> WHAT NEEDS TO BE DONE: Lines of the data that contain the word "units" are the ones to copy.

········

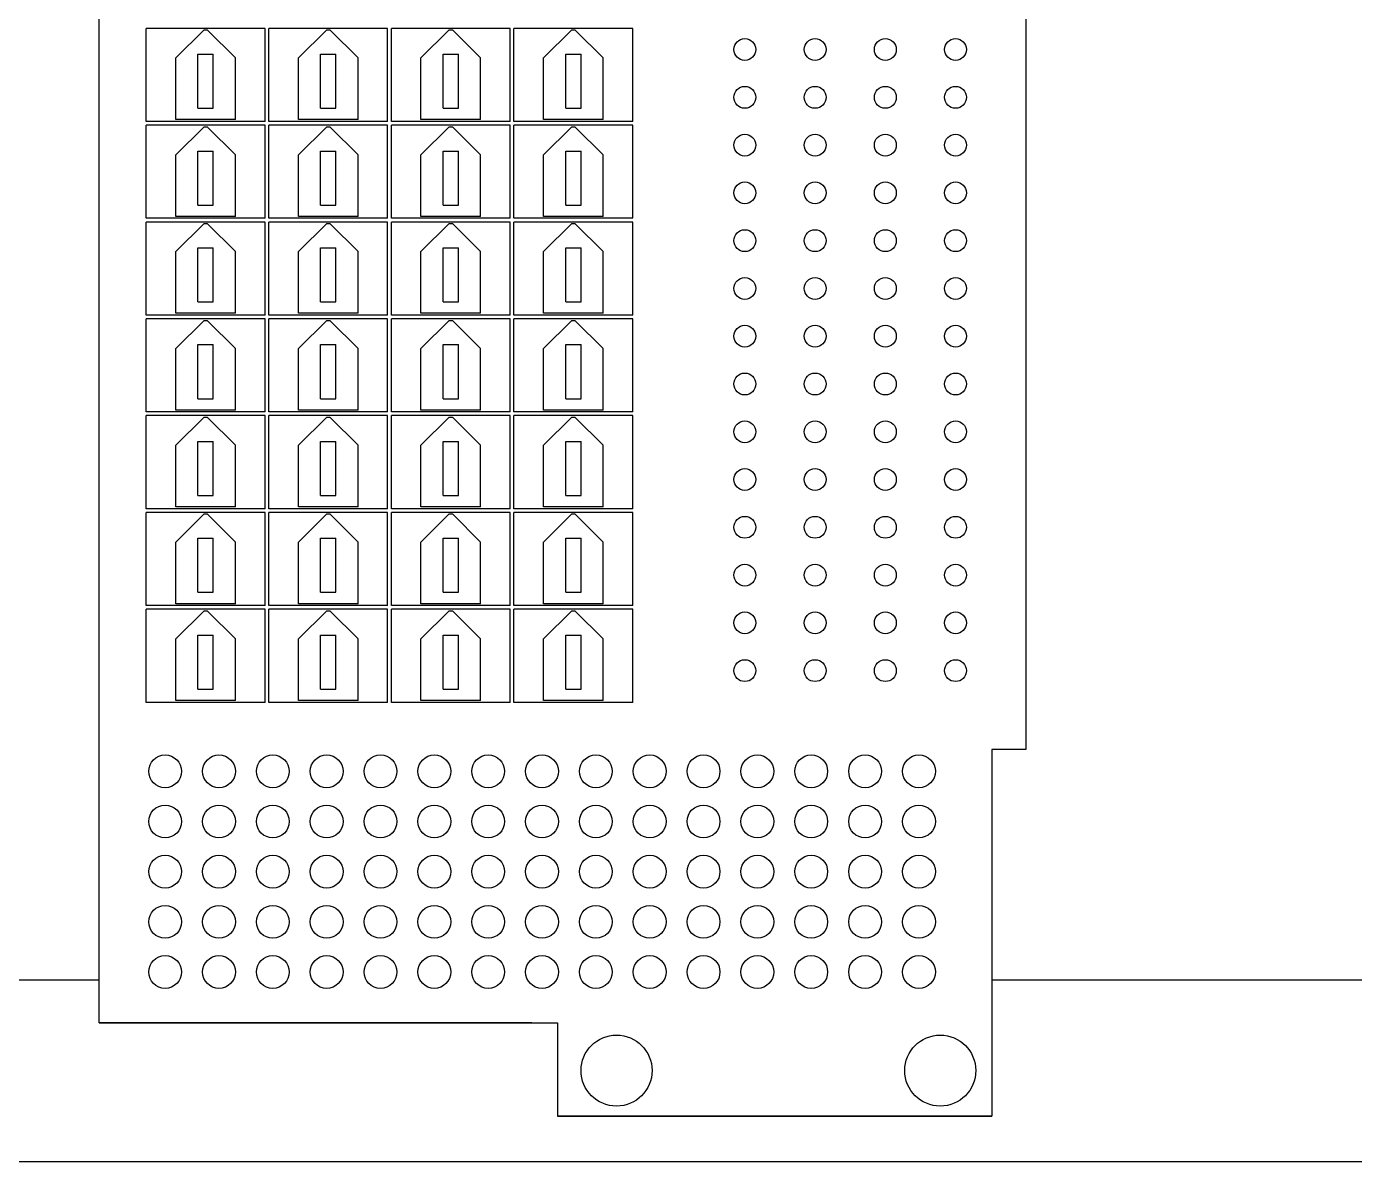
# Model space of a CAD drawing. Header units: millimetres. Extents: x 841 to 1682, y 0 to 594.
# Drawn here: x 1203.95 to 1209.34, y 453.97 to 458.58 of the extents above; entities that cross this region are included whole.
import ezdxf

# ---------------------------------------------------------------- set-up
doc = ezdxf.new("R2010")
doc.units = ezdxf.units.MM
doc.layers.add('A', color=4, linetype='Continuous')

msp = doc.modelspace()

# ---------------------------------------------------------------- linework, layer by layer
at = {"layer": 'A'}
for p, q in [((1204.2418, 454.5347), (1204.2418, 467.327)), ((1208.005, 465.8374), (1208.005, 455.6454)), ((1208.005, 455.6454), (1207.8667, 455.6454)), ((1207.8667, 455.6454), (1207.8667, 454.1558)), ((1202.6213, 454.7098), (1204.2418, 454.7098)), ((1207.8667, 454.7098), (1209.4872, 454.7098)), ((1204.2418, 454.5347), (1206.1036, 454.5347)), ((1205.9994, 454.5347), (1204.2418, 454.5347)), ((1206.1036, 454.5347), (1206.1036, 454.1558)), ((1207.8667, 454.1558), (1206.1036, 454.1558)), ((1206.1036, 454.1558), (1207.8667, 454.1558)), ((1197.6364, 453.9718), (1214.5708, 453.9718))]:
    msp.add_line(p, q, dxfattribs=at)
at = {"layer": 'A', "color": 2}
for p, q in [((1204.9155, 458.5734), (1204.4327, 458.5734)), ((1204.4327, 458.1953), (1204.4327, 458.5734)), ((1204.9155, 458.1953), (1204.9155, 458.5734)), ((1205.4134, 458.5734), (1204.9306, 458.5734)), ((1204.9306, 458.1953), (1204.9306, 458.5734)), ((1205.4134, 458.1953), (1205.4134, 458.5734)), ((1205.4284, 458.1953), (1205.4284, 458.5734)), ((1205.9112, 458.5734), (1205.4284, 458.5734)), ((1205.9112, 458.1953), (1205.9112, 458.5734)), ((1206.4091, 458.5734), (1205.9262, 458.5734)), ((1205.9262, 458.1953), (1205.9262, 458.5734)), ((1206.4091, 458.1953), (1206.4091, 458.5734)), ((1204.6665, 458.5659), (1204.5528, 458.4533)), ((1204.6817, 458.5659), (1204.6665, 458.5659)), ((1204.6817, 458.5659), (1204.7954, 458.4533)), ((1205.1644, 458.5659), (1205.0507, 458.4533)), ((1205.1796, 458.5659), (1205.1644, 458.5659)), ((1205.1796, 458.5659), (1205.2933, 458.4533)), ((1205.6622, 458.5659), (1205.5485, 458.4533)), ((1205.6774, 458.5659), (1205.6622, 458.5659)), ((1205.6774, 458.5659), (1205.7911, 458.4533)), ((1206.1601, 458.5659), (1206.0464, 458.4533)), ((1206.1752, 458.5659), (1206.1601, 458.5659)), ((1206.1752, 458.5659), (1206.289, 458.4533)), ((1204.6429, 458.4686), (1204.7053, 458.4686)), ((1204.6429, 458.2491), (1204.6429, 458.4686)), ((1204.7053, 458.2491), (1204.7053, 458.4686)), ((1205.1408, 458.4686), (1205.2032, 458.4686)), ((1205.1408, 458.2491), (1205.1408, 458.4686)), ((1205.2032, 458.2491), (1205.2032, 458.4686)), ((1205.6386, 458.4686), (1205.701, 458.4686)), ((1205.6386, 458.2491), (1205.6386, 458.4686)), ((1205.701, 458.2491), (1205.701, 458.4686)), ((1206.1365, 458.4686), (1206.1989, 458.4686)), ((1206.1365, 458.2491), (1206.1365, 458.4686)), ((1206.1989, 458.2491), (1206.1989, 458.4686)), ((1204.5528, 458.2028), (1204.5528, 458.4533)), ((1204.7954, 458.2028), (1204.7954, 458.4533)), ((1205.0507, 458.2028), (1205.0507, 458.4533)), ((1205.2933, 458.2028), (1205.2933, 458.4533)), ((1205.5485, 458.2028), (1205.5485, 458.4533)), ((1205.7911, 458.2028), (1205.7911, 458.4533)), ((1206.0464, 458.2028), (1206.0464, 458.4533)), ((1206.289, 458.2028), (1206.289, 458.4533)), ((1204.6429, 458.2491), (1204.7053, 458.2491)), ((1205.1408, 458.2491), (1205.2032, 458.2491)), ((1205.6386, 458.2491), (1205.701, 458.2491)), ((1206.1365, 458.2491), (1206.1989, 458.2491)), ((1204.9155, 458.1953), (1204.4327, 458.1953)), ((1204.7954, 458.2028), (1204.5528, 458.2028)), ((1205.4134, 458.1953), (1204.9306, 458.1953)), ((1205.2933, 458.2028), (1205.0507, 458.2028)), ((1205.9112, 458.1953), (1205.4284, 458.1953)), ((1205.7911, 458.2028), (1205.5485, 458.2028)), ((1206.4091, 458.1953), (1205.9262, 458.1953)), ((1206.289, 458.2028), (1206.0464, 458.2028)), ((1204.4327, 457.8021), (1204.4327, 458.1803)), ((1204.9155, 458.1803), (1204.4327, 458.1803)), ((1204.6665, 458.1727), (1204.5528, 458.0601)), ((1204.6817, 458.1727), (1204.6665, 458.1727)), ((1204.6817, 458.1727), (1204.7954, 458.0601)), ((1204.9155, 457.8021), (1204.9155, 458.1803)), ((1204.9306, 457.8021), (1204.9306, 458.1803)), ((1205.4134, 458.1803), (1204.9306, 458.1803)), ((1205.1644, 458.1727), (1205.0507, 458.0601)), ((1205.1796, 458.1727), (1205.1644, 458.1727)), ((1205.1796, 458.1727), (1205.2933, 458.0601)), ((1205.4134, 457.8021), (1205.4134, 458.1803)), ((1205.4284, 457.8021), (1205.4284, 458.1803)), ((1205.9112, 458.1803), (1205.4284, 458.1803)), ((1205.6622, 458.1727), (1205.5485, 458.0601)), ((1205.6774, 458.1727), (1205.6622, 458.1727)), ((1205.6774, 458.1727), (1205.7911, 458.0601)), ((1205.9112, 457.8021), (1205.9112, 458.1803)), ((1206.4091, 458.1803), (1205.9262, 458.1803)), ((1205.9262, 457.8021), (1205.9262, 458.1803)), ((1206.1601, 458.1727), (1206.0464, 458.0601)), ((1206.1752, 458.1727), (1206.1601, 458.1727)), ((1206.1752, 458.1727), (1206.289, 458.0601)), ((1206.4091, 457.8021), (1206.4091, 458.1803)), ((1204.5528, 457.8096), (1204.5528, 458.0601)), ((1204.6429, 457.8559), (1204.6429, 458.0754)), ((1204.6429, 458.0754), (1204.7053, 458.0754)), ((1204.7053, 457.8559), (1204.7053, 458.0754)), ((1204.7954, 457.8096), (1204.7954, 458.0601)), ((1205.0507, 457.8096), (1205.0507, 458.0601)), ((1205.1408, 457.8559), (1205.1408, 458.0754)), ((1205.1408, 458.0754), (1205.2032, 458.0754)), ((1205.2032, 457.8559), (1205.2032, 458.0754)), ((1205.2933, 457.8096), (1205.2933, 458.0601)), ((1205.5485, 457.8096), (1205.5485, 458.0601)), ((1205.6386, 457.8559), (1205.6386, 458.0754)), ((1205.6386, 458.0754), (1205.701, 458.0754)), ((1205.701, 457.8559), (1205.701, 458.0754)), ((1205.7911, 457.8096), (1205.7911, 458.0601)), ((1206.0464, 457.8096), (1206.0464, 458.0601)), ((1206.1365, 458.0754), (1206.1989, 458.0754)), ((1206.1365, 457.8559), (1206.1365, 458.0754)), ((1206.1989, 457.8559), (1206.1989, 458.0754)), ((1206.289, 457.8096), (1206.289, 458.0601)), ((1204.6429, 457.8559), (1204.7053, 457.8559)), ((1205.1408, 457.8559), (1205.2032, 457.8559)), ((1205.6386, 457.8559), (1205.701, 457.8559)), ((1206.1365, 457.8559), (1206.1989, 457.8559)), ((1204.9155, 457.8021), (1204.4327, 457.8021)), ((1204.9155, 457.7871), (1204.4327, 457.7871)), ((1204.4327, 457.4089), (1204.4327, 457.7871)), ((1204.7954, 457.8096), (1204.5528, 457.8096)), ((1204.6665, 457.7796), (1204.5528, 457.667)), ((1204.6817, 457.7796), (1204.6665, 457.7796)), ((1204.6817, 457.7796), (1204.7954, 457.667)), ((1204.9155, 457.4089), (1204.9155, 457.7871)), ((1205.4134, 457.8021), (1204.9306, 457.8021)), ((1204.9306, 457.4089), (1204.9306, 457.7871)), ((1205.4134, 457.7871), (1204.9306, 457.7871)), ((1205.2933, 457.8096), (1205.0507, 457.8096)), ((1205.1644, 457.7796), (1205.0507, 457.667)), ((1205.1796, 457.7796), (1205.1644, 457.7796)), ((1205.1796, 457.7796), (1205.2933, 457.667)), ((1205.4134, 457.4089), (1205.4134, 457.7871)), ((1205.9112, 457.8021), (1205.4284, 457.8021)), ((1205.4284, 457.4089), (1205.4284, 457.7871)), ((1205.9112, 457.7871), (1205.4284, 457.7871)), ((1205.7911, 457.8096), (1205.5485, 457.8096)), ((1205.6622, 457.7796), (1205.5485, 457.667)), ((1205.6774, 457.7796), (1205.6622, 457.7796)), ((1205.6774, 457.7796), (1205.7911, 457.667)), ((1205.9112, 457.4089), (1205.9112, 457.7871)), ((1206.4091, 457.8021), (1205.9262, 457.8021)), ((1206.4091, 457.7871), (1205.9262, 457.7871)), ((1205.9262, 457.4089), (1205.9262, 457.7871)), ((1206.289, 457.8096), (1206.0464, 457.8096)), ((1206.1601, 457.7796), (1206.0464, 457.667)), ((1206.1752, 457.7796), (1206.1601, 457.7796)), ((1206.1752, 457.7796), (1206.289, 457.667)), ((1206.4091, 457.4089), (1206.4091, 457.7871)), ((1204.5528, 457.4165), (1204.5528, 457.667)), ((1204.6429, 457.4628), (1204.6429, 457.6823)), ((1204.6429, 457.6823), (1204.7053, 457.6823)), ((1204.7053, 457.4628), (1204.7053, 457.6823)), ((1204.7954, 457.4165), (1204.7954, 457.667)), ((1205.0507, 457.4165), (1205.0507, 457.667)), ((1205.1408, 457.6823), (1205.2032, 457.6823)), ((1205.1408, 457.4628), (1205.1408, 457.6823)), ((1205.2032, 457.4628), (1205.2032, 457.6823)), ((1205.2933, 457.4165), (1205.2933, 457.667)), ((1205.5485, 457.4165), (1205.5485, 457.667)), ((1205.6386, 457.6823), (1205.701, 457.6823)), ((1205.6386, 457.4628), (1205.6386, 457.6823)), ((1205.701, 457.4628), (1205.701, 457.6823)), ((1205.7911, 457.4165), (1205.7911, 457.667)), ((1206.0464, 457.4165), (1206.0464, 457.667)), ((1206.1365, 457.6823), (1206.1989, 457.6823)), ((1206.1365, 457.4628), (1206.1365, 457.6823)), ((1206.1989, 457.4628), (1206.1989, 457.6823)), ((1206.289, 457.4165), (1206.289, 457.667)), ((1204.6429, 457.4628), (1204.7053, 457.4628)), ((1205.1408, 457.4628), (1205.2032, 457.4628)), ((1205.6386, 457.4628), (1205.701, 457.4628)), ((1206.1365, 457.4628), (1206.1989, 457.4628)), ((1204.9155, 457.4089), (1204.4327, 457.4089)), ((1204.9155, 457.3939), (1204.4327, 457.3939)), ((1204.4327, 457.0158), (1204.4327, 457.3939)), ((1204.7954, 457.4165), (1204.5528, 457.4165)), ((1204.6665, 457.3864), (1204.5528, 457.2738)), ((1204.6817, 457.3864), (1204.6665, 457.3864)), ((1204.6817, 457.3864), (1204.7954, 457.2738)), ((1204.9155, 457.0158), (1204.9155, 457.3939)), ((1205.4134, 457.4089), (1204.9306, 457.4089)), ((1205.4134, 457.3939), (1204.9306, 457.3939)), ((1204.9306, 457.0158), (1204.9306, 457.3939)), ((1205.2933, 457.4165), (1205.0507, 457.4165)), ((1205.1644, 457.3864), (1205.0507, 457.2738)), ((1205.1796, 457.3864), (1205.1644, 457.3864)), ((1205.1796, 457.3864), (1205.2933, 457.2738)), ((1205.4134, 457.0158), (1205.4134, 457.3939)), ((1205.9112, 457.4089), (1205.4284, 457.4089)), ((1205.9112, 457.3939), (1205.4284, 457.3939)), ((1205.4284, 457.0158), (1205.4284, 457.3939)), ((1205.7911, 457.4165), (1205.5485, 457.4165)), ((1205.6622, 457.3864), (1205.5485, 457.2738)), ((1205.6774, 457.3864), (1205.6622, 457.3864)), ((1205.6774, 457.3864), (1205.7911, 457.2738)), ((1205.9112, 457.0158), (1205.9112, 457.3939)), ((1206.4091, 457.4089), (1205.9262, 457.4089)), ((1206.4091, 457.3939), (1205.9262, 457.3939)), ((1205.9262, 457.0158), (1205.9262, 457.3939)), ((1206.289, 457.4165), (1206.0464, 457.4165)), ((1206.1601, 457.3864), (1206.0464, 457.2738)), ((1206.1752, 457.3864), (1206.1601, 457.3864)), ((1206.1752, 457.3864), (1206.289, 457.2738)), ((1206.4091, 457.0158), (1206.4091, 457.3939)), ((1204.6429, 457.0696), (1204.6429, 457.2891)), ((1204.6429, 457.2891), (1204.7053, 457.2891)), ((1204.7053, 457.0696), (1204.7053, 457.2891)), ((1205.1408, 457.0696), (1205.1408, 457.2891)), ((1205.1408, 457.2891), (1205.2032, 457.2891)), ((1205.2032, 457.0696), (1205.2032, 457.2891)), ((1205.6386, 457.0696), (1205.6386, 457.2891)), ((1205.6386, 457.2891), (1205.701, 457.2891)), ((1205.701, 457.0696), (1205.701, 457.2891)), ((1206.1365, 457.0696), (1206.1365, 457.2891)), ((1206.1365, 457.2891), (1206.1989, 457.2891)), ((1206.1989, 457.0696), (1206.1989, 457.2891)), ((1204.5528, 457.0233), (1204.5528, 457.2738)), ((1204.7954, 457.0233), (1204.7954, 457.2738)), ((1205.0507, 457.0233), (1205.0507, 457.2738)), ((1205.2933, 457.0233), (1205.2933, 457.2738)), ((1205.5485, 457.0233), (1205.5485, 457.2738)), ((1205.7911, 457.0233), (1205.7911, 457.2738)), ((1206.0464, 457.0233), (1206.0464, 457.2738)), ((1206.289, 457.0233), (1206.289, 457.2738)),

········

> OUTPUT BELOW:
# Model space of a CAD drawing. Header units: millimetres. Extents: x 841 to 1682, y 0 to 594.
doc.units = ezdxf.units.MM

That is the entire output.